Again, in a situation where this cannot take place, the informed consent of a court appointed guardian should be sought. In the USA, for example, the Surgeon General's report on mental health requires a judicial proceeding at which patients may be represented by legal counsel prior to initiation of involuntary ECT. It states:

As a rule, the law requires that such petitions are granted only where the prompt institution of ECT is regarded as potentially lifesaving, as in the case of a person in grave danger because of lack of food or fluid intake caused by catatonia.

What is paramount here is the inalienable right of a person or his or her guardian to decide whether to subject that person to a procedure that is invasive, traumatic and bereft of utterly conclusive research as to its benefits or otherwise.
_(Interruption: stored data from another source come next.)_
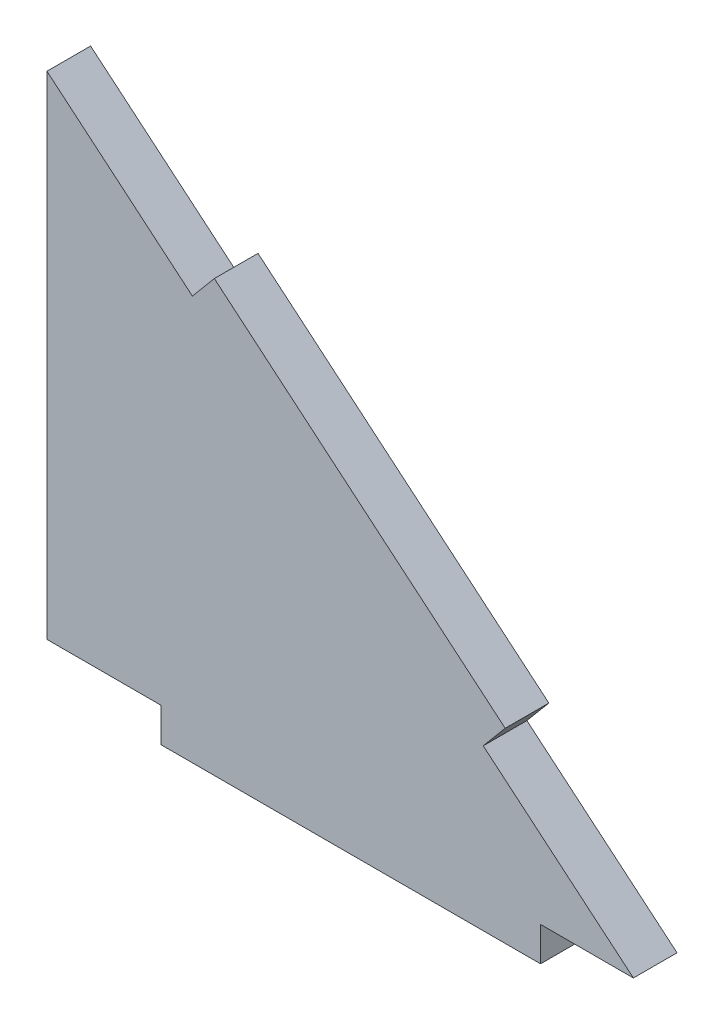
SolidWorks part; units mm, degrees
ref_plane "前视基准面" through (0, 0, 0) normal (0, 0, 1) x (1, 0, 0)
ref_plane "上视基准面" through (0, 0, 0) normal (0, 1, 0) x (1, 0, 0)
ref_plane "右视基准面" through (0, 0, 0) normal (1, 0, 0) x (0, 0, -1)
other "Configuration Table"
sketch "草图1" plane through (0, 0, 0) normal (0, 0, 1) x (1, 0, 0)
  line L2 (-23.0204, 5.056) -> (-23.0204, 8.656)
  line L3 (16.9796, 5.056) -> (16.9796, 8.656)
  line L4 (-23.0204, 8.656) -> (-35.0204, 8.656)
  line L6 (-35.0204, 8.656) -> (-35.0204, 60.4969)
  line L7 (-35.0204, 60.4969) -> (-19.6995, 47.6411)
  line L10 (-19.6995, 47.6411) -> (-17.3855, 50.3989)
  line L11 (-17.3855, 50.3989) -> (13.2563, 24.6874)
  line L12 (13.2563, 24.6874) -> (10.9422, 21.9296)
  line L15 (-23.0204, 5.056) -> (16.9796, 5.056)
  line L16 (24.8387, 10.2691) -> (10.9422, 21.9296)
  line L17 (24.8387, 10.2691) -> (25.7025, 9.5442)
  line L19 (16.9796, 8.656) -> (26.7611, 8.656)
  line L20 (26.7611, 8.656) -> (25.7025, 9.5442)
  point P4 (0, 0)
  dimension "D1" = 40
  dimension "D3" = 12
  dimension "D4" = 90
  dimension "D5" = 40
  dimension "D6" = 3.6
  dimension "D7" = 3.6
  dimension "D8" = 90
  dimension "D9" = 20.65
  dimension "D10" = 90
  dimension "D11" = 90
  dimension "D12" = 90
  dimension "D13" = 90
  dimension "D14" = 3.6
  dimension "D15" = 40
  dimension "D16" = 3.6
  dimension "D17" = 90
  dimension "D18" = 90
  dimension "D19" = 20
  dimension "D20" = 90
  dimension "D21" = 40
  dimension "D22" = 9.7815
extrude "凸台-拉伸1" add sketch "草图1" along normal blind 4.6
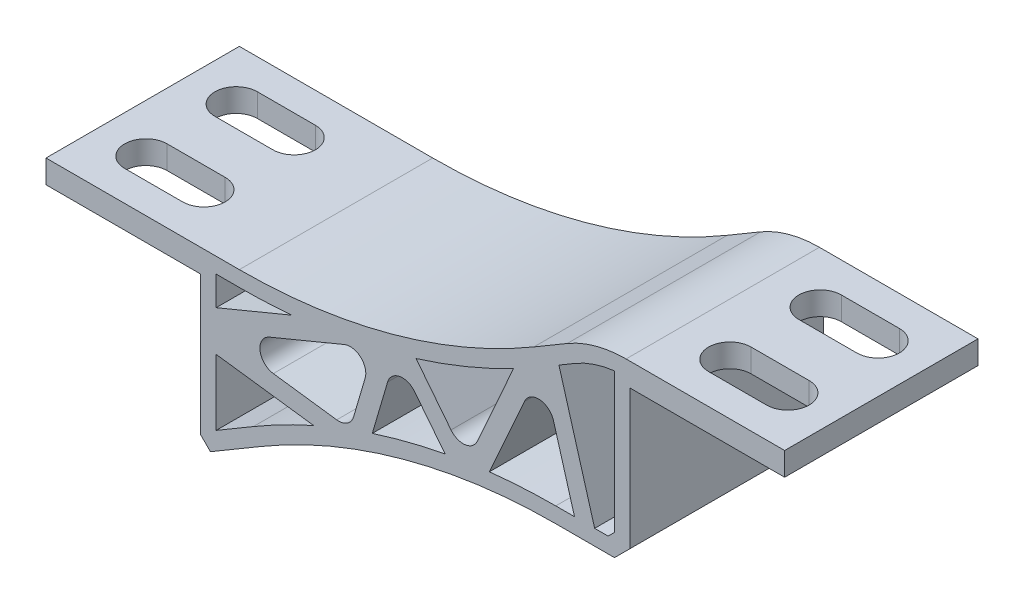
SolidWorks part; units mm, degrees
ref_plane "Front Plane" through (0, 0, 0) normal (0, 0, 1) x (1, 0, 0)
ref_plane "Top Plane" through (0, 0, 0) normal (0, 1, 0) x (1, 0, 0)
ref_plane "Right Plane" through (0, 0, 0) normal (1, 0, 0) x (0, 0, -1)
sketch "Sketch1" plane through (0, 0, 0) normal (0, 0, 1) x (1, 0, 0)
  line L0 (0, 0) -> (0, 3)
  line L1 (70.9091, 18) -> (95.5, 18)
  line L2 (95.5, 18) -> (95.5, 15)
  line L3 (95.5, 15) -> (75.5, 15)
  line L4 (75.5, 15) -> (75.5, -5)
  line L5 (75.5, -5) -> (45.4545, -5)
  line L8 (45.4545, -5) -> (20, -20)
  line L9 (20, -20) -> (20, 0)
  line L11 (0, 3) -> (45.4545, 3)
  line L12 (20, 0) -> (0, 0)
  line L14 (45.4545, 3) -> (70.9091, 18)
  point P14 (45.4545, -5)
  dimension "D1" = 20
  dimension "D2" = 20
  dimension "D3" = 20
  dimension "D4" = 3
  dimension "D5" = 55.5
  dimension "D6" = 25.4545
  dimension "D7" = 20
  dimension "D8" = 3
  dimension "D9" = 8
extrude "Boss-Extrude1" add sketch "Sketch1" along normal blind 25
sketch "Sketch3" plane through (0, 3, 0) normal (0, 1, 0) x (1, 0, 0)
  line L0 (20, 0) -> (20, -25) construction
  line L1 (0, 0) -> (45.4545, 0) construction
  line L2 (0, -25) -> (45.4545, -25) construction
  line L3 (75.5, 0) -> (75.5, -25) construction
  line L4 (70.9091, 0) -> (95.5, 0) construction
  line L5 (70.9091, -25) -> (95.5, -25) construction
  line L6 (95.5, -25) -> (95.5, 0) construction
  line L7 (0, -25) -> (0, 0) construction
  line L8 (6.25, -6.6667) -> (13.75, -6.6667) construction
  line L9 (6.25, -3.9167) -> (13.75, -3.9167)
  line L10 (6.25, -9.4167) -> (13.75, -9.4167)
  line L11 (6.25, -18.3333) -> (13.75, -18.3333) construction
  line L12 (6.25, -15.5833) -> (13.75, -15.5833)
  line L13 (6.25, -21.0833) -> (13.75, -21.0833)
  line L14 (81.75, -6.6667) -> (89.25, -6.6667) construction
  line L15 (81.75, -3.9167) -> (89.25, -3.9167)
  line L16 (81.75, -9.4167) -> (89.25, -9.4167)
  line L17 (81.75, -18.3333) -> (89.25, -18.3333) construction
  line L18 (81.75, -15.5833) -> (89.25, -15.5833)
  line L19 (81.75, -21.0833) -> (89.25, -21.0833)
  line L20 (0, -12.5) -> (95.5, -12.5) construction
  arc A0 (6.25, -3.9167) -> (6.25, -9.4167) centre (6.25, -6.6667) ccw
  arc A1 (13.75, -9.4167) -> (13.75, -3.9167) centre (13.75, -6.6667) ccw
  arc A2 (6.25, -15.5833) -> (6.25, -21.0833) centre (6.25, -18.3333) ccw
  arc A3 (13.75, -21.0833) -> (13.75, -15.5833) centre (13.75, -18.3333) ccw
  arc A4 (81.75, -3.9167) -> (81.75, -9.4167) centre (81.75, -6.6667) ccw
  arc A5 (89.25, -9.4167) -> (89.25, -3.9167) centre (89.25, -6.6667) ccw
  arc A6 (81.75, -15.5833) -> (81.75, -21.0833) centre (81.75, -18.3333) ccw
  arc A7 (89.25, -21.0833) -> (89.25, -15.5833) centre (89.25, -18.3333) ccw
  point P18 (10, -6.6667)
  point P23 (10, -18.3333)
  point P30 (85.5, -6.6667)
  point P37 (85.5, -18.3333)
  dimension "D1" = 20
  dimension "D2" = 20
  dimension "D3" = 5.5
  dimension "D4" = 10
  dimension "D5" = 10
  dimension "D6" = 7.5
  dimension "D7" = 6.6667
extrude "Cut-Extrude2" cut sketch "Sketch3" against normal through all both and the other way through all
fillet "Fillet2" radius 75 2 edges at (45.4545, -5, 12.5) (45.4545, 3, 12.5)
fillet "Fillet3" radius 15 1 edges at (70.9091, 18, 12.5)
chamfer "Chamfer2" distance 2 angle 45 1 edges at (75.5, -5, 12.5)
chamfer "Chamfer3" distance 2 angle 45 1 edges at (20, -20, 12.5)
sketch "Sketch4" plane through (0, 0, 25) normal (0, 0, 1) x (1, 0, 0)
  line L39 (64.0923, 11.6615) -> (68.3336, -3)
  line L40 (66.3158, 12.9718) -> (70.9361, -3)
  line L41 (25, -7.75) -> (31.0404, -7.75) construction
  line L52 (31.8062, 1.3014) -> (22, -2.7604)
  line L53 (42.4451, 3.0022) -> (22, -5.4664)
  line L54 (22, -5.4664) -> (39.2832, -7.75)
  line L55 (22, -7.9882) -> (34.5996, -9.6529)
  line L56 (42.1843, -6.7461) -> (45.26, 3.7132)
  line L57 (42.4451, 3.0022) -> (39.2832, -7.75)
  line L58 (45.26, 3.7132) -> (51.6052, -4.3402)
  line L59 (47.8481, 4.4679) -> (54.412, -3.8632)
  line L60 (54.412, -3.8632) -> (60.4532, 9.6474)
  line L61 (57.3217, -3.4803) -> (64.0923, 11.6615)
  line L65 (22, 1) -> (22, -16.5)
  line L66 (22, -16.5) -> (26.8168, -13.6615)
  line L67 (65.9091, -3) -> (72.6716, -3)
  line L68 (72.6716, -3) -> (73.5, -2.1716)
  line L69 (73.5, -2.1716) -> (73.5, 15.9132)
  line L70 (68.4, 14.2) -> (64.0923, 11.6615)
  line L71 (25, 1) -> (22, 1)
  line L72 (22, 1) -> (22, -16.5)
  line L73 (22, -16.5) -> (26.8168, -13.6615)
  line L74 (65.9091, -3) -> (72.6716, -3)
  line L75 (72.6716, -3) -> (73.5, -2.1716)
  line L76 (73.5, -2.1716) -> (73.5, 15.9132)
  line L77 (68.4, 14.2) -> (64.0923, 11.6615)
  line L78 (25, 1) -> (22, 1)
  arc A12 (65.9091, -3) -> (26.8168, -13.6615) centre (65.9091, -80) ccw
  arc A13 (73.5, 15.9132) -> (68.4, 14.2) centre (75, 3) ccw
  arc A14 (25, 1) -> (64.0923, 11.6615) centre (25, 78) ccw
  arc A15 (65.9091, -3) -> (26.8168, -13.6615) centre (65.9091, -80) ccw
  arc A16 (73.5, 15.9132) -> (68.4, 14.2) centre (75, 3) ccw
  arc A17 (25, 1) -> (64.0923, 11.6615) centre (25, 78) ccw
  point P2 (38.697, -7.75)
  point P4 (42.1843, 3.0022)
  point P31 (22, -7.75)
  dimension "D3" = 22.5
  dimension "D4" = 2.5
  dimension "D5" = 2.5
  dimension "D6" = 2.5
  dimension "D7" = 2.5
  dimension "D8" = 2.5
  dimension "D9" = 2.5
  dimension "D1" = 2
extrude "Cut-Extrude3" cut sketch "Sketch4" against normal through all both and the other way through all contours A17 L78 L72 L52 | L57 L53 L54 | A15 L55 L72 L73 | A15 L58 L56 | A17 L59 L60 | A15 L74 L39 L61 | L76 A16 L77 L40 L74 L75
fillet "Fillet4" radius 2 6 edges at (22, -5.4664, 12.5) (64.0923, 11.6615, 12.5) (54.412, -3.8632, 12.5) (45.26, 3.7132, 12.5) (42.4451, 3.0022, 12.5) (39.2832, -7.75, 12.5)
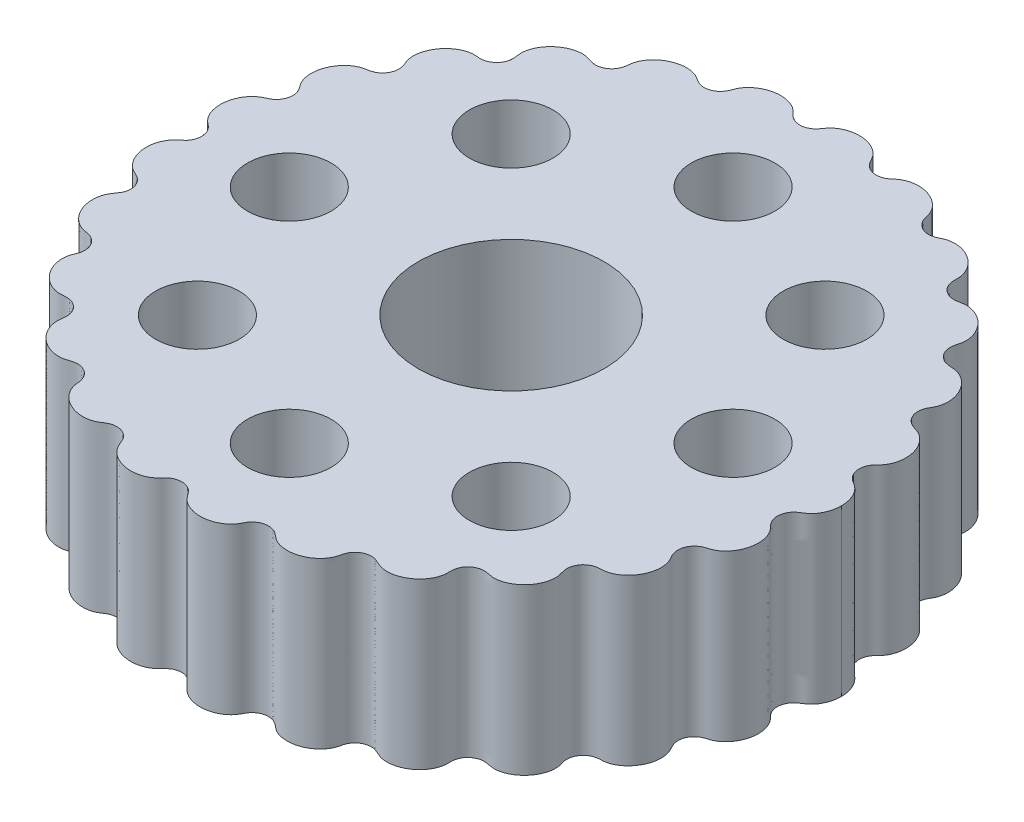
SolidWorks part; units mm, degrees
ref_plane "Front Plane" through (0, 0, 0) normal (0, 0, 1) x (1, 0, 0)
ref_plane "Top Plane" through (0, 0, 0) normal (0, 1, 0) x (1, 0, 0)
ref_plane "Right Plane" through (0, 0, 0) normal (1, 0, 0) x (0, 0, -1)
sketch "Sketch2" plane through (0, 0, 0) normal (0, 1, 0) x (1, 0, 0)
  line L0 (-31.5, 0) -> (33.5, 0) construction
  circle A0 centre (0, 0) radius 9
  circle A1 centre (0, 0) radius 21.5 construction
  circle A2 centre (0, 21.5) radius 4.05
  circle A3 centre (15.2028, 15.2028) radius 4.05
  circle A4 centre (21.5, 0) radius 4.05
  circle A5 centre (15.2028, -15.2028) radius 4.05
  circle A6 centre (0, -21.5) radius 4.05
  circle A7 centre (-15.2028, -15.2028) radius 4.05
  circle A8 centre (-21.5, 0) radius 4.05
  circle A9 centre (-15.2028, 15.2028) radius 4.05
  spline S0 degree 4 number of poles 351 (32.3077, -8.7825) -> (-30.5369, -7.93) construction
  spline S1 degree 4 number of poles 295 (33.5, 0) -> (-31.5, 0) construction
  spline S2 degree 4 number of poles 295 (33.5, 0) -> (-31.5, 0) construction
  spline S3 degree 1 poles (32, 0) (-30, 0) knots 0 0 1 1 construction
  spline S4 degree 1 poles (32, 0) (-30, 0) knots 0 0 1 1 construction
  spline S5 degree 3 number of poles 521 (32, 0) -> (-30, 0)
  spline S6 degree 3 number of poles 521 (-30, 0) -> (32, 0)
  point P29 (0, 0)
  point P36 (0, 0)
  dimension "D2" = 18
  dimension "D3" = 43
  dimension "D4" = 8.1
  dimension "D1" = 1.5
  dimension "D5" = 8
extrude "Boss-Extrude1" add sketch "Sketch2" along normal blind 16

Despite my lack of expertise in this area, my instinct in regard to ECT is that given the inconclusive research in terms of its benefits and having read about and listened to the negative experiences of those who have had this treatment administered, I believe we should seriously consider following some of our European neighbours and severely restrict its use or, following in-depth research and discussion at committee level, as suggested by Senator Fitzgerald, consider banning its use completely as has been done in Slovenia.